Die ersten Probefahrten mit der MS Starnberg begannen am 3. Mai 2004, im Rahmen derer alle Funktionen am Hauptfahrstand und an den Nockfahrständen (= Außensteuerstand) ausführlich erklärt wurden. Weitere Probefahrten dienten der Vertiefung verschiedener Funktionen. In begrenztem Umfang wurden bei den Probefahrten auch technische Defekte simuliert. Ergänzend wurden die Kapitäne bei der Eröffnungsfahrt und an den darauf folgenden Tagen ständig von dem Schiffskonstrukteur der Firma Lux Werft begleitet.

Zu 2.: Versuchsfahrten von Seiten des Schiffsbauers sind weder üblich noch rechtlich zulässig, da die Schiffsbauer keinen Schiffsführerschein Klasse B für den Starnberger See besitzen. Die Schiffsbauer nahmen jedoch an allen Testfahrten der Bayerischen Seenschifffahrt teil.

Zu 3.: In der Zeit vom 3. bis 18. Mai 2004 wurden fast täglich Testfahrten mit mehrstündiger Dauer durchgeführt.

Zu 4.: Die eingesetzten Schiffsführer sind ausgebildete Kapitäne mit Schifffahrtspatent. Im Übrigen siehe Antwort zu Frage 1.

Zu 5.: Da die Schiffsführer während der Übungs- und Probefahrten keinem Linienkurs gefolgt sind, kann die genaue Anzahl der zurückgelegten Kilometer nicht rekonstruiert werden.
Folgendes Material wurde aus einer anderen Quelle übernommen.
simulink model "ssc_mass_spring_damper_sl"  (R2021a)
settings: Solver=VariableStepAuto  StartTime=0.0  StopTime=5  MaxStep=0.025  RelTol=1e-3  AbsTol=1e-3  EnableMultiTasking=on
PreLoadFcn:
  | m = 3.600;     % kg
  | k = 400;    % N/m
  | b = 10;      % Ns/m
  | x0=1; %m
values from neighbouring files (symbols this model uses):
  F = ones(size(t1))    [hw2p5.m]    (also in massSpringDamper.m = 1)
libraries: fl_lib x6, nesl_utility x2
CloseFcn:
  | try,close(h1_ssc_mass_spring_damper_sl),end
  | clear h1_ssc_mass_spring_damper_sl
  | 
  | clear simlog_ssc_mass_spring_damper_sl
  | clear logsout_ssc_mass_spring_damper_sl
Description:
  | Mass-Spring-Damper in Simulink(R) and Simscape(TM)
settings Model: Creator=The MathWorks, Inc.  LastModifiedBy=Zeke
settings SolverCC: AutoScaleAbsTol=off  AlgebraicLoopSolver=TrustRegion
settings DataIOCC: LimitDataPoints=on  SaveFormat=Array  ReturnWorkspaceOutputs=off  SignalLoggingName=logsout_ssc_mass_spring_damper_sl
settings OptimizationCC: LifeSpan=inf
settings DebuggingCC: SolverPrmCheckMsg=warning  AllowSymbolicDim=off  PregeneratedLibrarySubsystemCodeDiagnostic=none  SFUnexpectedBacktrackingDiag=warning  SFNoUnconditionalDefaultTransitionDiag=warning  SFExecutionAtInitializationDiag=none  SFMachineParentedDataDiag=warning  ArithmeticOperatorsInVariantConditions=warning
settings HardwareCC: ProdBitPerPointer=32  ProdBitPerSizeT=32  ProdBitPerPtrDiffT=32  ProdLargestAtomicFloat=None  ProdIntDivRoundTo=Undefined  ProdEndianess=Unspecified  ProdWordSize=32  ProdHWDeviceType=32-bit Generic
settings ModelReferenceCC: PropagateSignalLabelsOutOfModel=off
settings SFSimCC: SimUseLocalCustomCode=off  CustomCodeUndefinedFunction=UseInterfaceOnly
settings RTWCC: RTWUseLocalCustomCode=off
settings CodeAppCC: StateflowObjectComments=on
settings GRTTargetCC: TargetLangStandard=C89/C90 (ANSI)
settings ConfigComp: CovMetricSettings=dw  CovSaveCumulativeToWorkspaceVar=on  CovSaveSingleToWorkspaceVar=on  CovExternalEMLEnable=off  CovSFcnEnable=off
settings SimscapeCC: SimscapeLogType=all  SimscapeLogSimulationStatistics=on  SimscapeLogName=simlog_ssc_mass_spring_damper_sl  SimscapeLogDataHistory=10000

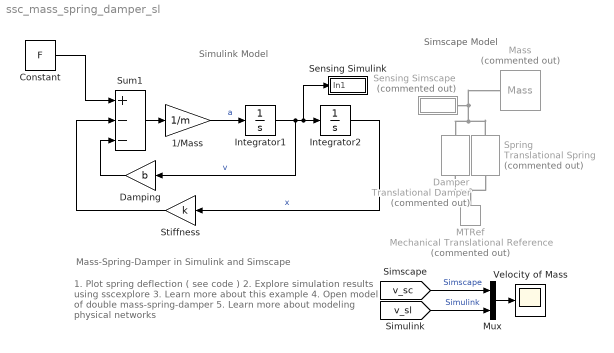
== system ssc_mass_spring_damper_sl ==
  note: 1. Plot spring deflection ( see code )
      | 2. Explore simulation results using sscexplore
      | 3. Learn more about this example
      | 4. Open model of double mass-spring-damper
      | 5. Learn more about modeling physical networks
  note: Mass-Spring-Damper in Simulink and Simscape
  note: Simulink Model
  note: Simscape Model
  "1/Mass " : Gain  Gain=1/m  SaturateOnIntegerOverflow=on  OutDataTypeStr=Inherit: Same as input  ParamDataTypeStr=Inherit: Same as input
  Constant : Constant  Value=F
  Damper : fl_lib/Mechanical/Translational Elements/Translational Damper  Commented=on  D=b N/(m/s)  v_specify=off  v_priority=High  v=0 m/s  v_nominal_specify=off  v_nominal_unit=m/s  v_nominal_value=1  f_specify=off  f_priority=High  f=0 N  f_nominal_specify=off  f_nominal_unit=N  f_nominal_value=1
  Damping : Gain  Gain=b  SaturateOnIntegerOverflow=on  OutDataTypeStr=Inherit: Same as input  ParamDataTypeStr=Inherit: Same as input
  Integrator1 : Integrator
  Integrator2 : Integrator  InitialCondition=1
      settings: AttributesFormatString=x0 = %<InitialCondition> m
  MTRef : fl_lib/Mechanical/Translational Elements/Mechanical Translational Reference  Commented=on
  Mass : fl_lib/Mechanical/Translational Elements/Mass  Commented=on  mass=m kg  num_ports=foundation.enum.numPorts2.one  v_specify=off  v_priority=High  v=0 m/s  v_nominal_specify=off  v_nominal_unit=m/s  v_nominal_value=1  f_specify=off  f_priority=High  f=0 N  f_nominal_specify=off  f_nominal_unit=N  f_nominal_value=1
  Mux : Mux  Inputs=2
  Sensing Simscape : Subsystem  Commented=on
      mask Display: disp('v_sc')
  Sensing Simulink : Subsystem
      mask Display: disp('v_sl')
  Spring : fl_lib/Mechanical/Translational Elements/Translational Spring  Commented=on  spr_rate=k N/m  v_specify=off  v_priority=High  v=0 m/s  v_nominal_specify=off  v_nominal_unit=m/s  v_nominal_value=1  f_specify=off  f_priority=High  f=0 N  f_nominal_specify=off  f_nominal_unit=N  f_nominal_value=1  x_specify=on  x_priority=High  x=1 m  x_nominal_specify=off  x_nominal_unit=m  x_nominal_value=1
      settings: AttributesFormatString=x0 = %<x> %<x_unit>
  Stiffness : Gain  Gain=k  SaturateOnIntegerOverflow=on  OutDataTypeStr=Inherit: Same as input  ParamDataTypeStr=Inherit: Same as input
  Sum1 : Sum  Inputs=+--  InputSameDT=on  SaturateOnIntegerOverflow=on  OutDataTypeStr=Inherit: Same as first input
  Velocity of Mass : Scope
  wires:
  "1/Mass "/1 -> Integrator1/1  "a"
  Sum1/1 -> "1/Mass "/1
  Damping/1 -> Sum1/3
  Stiffness/1 -> Sum1/2
  Integrator2/1 -> Stiffness/1  "x"
  Integrator1/1 -> Sensing Simulink/1(In1), Integrator2/1, Damping/1  "v"
  Mux/1 -> Velocity of Mass/1
  [v_sc] -> Mux/1  "Simscape"
  [v_sl] -> Mux/2  "Simulink"
  Constant/1 -> Sum1/1
  connections:
  Spring/RConn1 -- Damper/RConn1 -- MTRef/LConn1
  Spring/LConn1 -- Sensing Simscape/LConn1 -- Mass/LConn1 -- Damper/LConn1

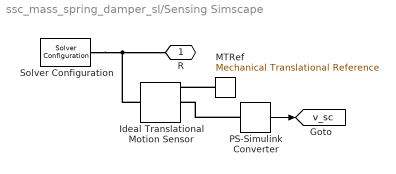
== system ssc_mass_spring_damper_sl/Sensing Simscape ==
  Ideal Translational Motion Sensor : fl_lib/Mechanical/Mechanical Sensors/Ideal Translational Motion Sensor  offset=1 m
  MTRef : fl_lib/Mechanical/Translational Elements/Mechanical Translational Reference
  PS-Simulink Converter : nesl_utility/PS-Simulink Converter  PhysicalDomain=network_engine_domain  SubClassName=ps_output  LeftPortType=input  RightPortType=output  PseudoPeriodic=off  Frequencies=[]  Unit=1  AffineConversion=off
      settings: SourceProductBaseCode=PW,SS
  Solver Configuration : nesl_utility/Solver Configuration  PhysicalDomain=network_engine_domain  SubClassName=solver  LeftPortType=input  RightPortType=generic  Tones=[]  Harmonics=[]  SimulateNoise=off  Profile=off  UseLocalSampling=off  EnableSwitchedLinearOptims=on  FrequencyDomain=off  UseCCode=off  RelTol=0.001  AbsTol=1e-06  MinStep=1e-09  ToWorkspace=off  RevertToSquareIcSolve=off  NumHomotopyIterations=100  PhasorMode=off  PhasorModeNumHarmonics=1  DoDC=off  ResidualTolerance=1e-9  UseLocalSolver=off  LocalSolverChoice=NE_BACKWARD_EULER_ADVANCER  LocalSolverSampleTime=.001  DoFixedCost=off  MaxNonlinIter=12  MaxModeIter=2  ComputeImpulses=off  ImpulseIterations=2  LinearAlgebra=auto  EquationFormulation=NE_TIME_EF  DelaysMemoryBudget=1024  AutomaticFiltering=on  FilteringTimeConstant=0.001  PartitionStorageMethod=AS_NEEDED  PartitionMemoryBudget=1024  PartitionMethod=FAST
      settings: SourceProductBaseCode=PW,SS
  R : PMIOPort  Side=Left
  tag scope: v_sc=global
  wires:
  PS-Simulink Converter/1 -> [v_sc]
  connections:
  Solver Configuration/RConn1 -- Ideal Translational Motion Sensor/LConn1 -- R/RConn1
  PS-Simulink Converter/LConn1 -- Ideal Translational Motion Sensor/RConn2
  MTRef/LConn1 -- Ideal Translational Motion Sensor/RConn1

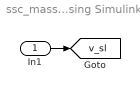
== system ssc_mass_spring_damper_sl/Sensing Simulink ==
  In1 : Inport
  tag scope: v_sl=global
  wires:
  In1/1 -> [v_sl]

Zu 6.: Der TÜV-Sachverständige unterzog der MS Starnberg am 5. Mai 2004 der Untersuchung gem. § 19 der Verordnung für die Schifffahrt auf den bayerischen Gewässern und gelangte zu dem Ergebnis, dass die Bauausführung der Schifffahrtsordnung entspricht und keine sicherheitstechnischen Bedenken gegen die Erteilung einer Zulassung für 600

Personen bestehen.

Aufgrund des vom TÜV-Sachverständigen erstellten Gutachtens erteilte das Landratsamt Starnberg mit Bescheid vom 10. Mai 2004 die schifffahrtsrechtliche Genehmigung.

Zu 7.: Die Probleme mit der RMS Herrsching waren nicht auf einen Elektronikausfall zurückzuführen. Hier löste sich ein wenige Millimeter großes Ventil, das den Steuerkolben der Hydraulikpumpe blockierte.

Zu 8.: Vor jeder Saison werden Sicherheitsübungen mit verschiedenen Manövern (Mann über Bord, Feuerlöschübungen, Ausgabe von Rettungsmitteln, Verhalten in Notsituationen, Schulungen in Erster Hilfe) durchgeführt. Zusätzlich werden mit den örtlichen Rettungsorganisationen in regelmäßigen Abständen Übungen (z. B. Feuer an Bord, Kollision von Schiffen, Auflaufen auf Grund usw.) durchgeführt.